Meraxes dances, enchanted story!"

She thought it was silly, of course. But she put the paper in her pocket, feeling inexplicably lighter.

.

In Rhaella's Secret Garden:

As the sun set, Rhaella found Rhaegar sitting under the Targaryen family tree, drawing dragons on the blank pages of a storybook. He had ink stains like bracelets and was humming the same wordless tune he had at lunch.

"Mother!" he called, holding up a leaf against the orange sky. "Look! The real Vhagar!"

The twilight light filtering through the paper revealed a dragon with wings outstretched and claws of charcoal walnut. Rhaella sat down beside him, ignoring the dirt on her dress.

"It's beautiful, my little dragon. But... why are you smiling?"

"Because it knows that even if it burns everything, there will always be a piece of cake left over."

Rhaella didn't understand, but she laughed. It was a rare sound these days.

.

In the Fortress Kitchen:

Marna leaned against the warm kitchen fireplace, the last of the Sugar Meraxes slowly melting on her tongue. The sun dipped behind the walls of King's Landing, painting the sky in shades of rust and honey.
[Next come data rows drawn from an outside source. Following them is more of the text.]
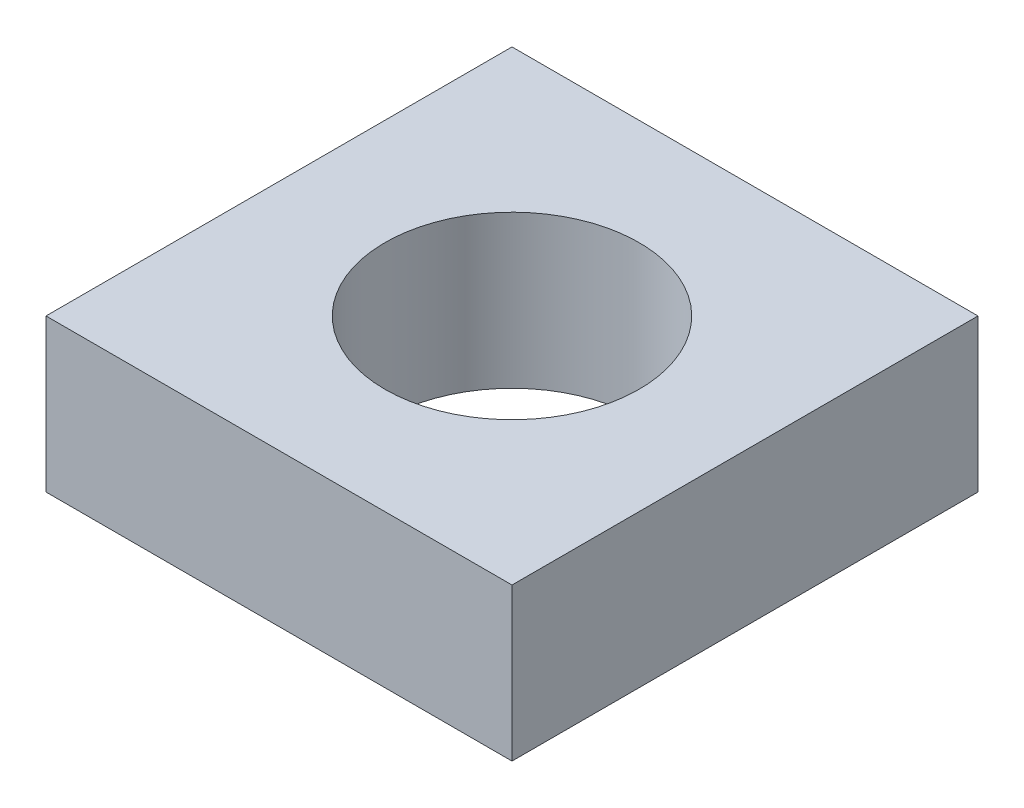
SolidWorks part; units mm, degrees
ref_plane "Płaszczyzna przednia" through (0, 0, 0) normal (0, 0, 1) x (1, 0, 0)
ref_plane "Płaszczyzna górna" through (0, 0, 0) normal (0, 1, 0) x (1, 0, 0)
ref_plane "Płaszczyzna prawa" through (0, 0, 0) normal (1, 0, 0) x (0, 0, -1)
sketch "Szkic1" plane through (0, 0, 0) normal (0, 1, 0) x (1, 0, 0)
  line L0 (0, 2.75) -> (5.5, 2.75) construction
  line L1 (0, 0) -> (5.5, 0)
  line L2 (0, 0) -> (0, 5.5)
  line L3 (0, 5.5) -> (5.5, 5.5)
  line L4 (5.5, 0) -> (5.5, 5.5)
  circle A0 centre (2.75, 2.75) radius 1.5
extrude "Dodanie-wyciągnięcie1" add sketch "Szkic1" along normal blind 1.8

A laugh echoed in the stillness of the twilight - light, crystalline - and she smiled inadvertently. Rhaegar.

It was strange, she thought. Within these walls, where even the shadows plotted, the prince with the violet eyes - sometimes so intense they seemed to pierce the soul - had conquered even the most hardened hearts. The stallholders saved crumbs of cake for him, the laundresses found excuses to leave old sheets in his path ("for hero's capes, Your Grace!"), and even the sternest guards lowered their spears as he passed and hummed nonsense verses.

Genius? Absolutely. Scary? Sometimes. But who wouldn't forgive a boy who turned flour into wings and fear into candy?

Marna sighed, wiping her honeyed hands on her apron. Rhaegar may be a walking enigma, a boy who talks to walls and sees dragons in pools of water. But in this fortress of ice and knives, he was also the only fire that didn't burn - it just warmed. And that, she knew, was worth more than all the prophecies in the world.

As she descended the service stairs, a young servant passed her, humming the same sad tune Rhaegar had made up at lunch. Marna did not scold him. After all, even the walls seemed to whisper verses that night.

.

As the moon rose over King's Landing, Rhaegar Targaryen lay asleep hugging his silver harp - a recent gift from his mother-, dried flour on his eyelashes and a verse scribbled on his palm:

"I'll be honey's fiery song,

Nestling winter with solar hymns.

My ashes, rebellious dragon pollen,

Will create symphonies in lunar chalices.

When my fingers turn to coals

And snow swallows all dread,

Each verse of mine - devoured harp -

Will be an embrace of lesser fire.

I'll leave harp seeds in the ground,

Comet sugar, flames of love.

And until death, that old harpist,

Will dance with me, poet-flyer!"

.

And in some corner of the devastated summerhall, a dragon's egg trembled every time the dragon prince wrote a poetry verse.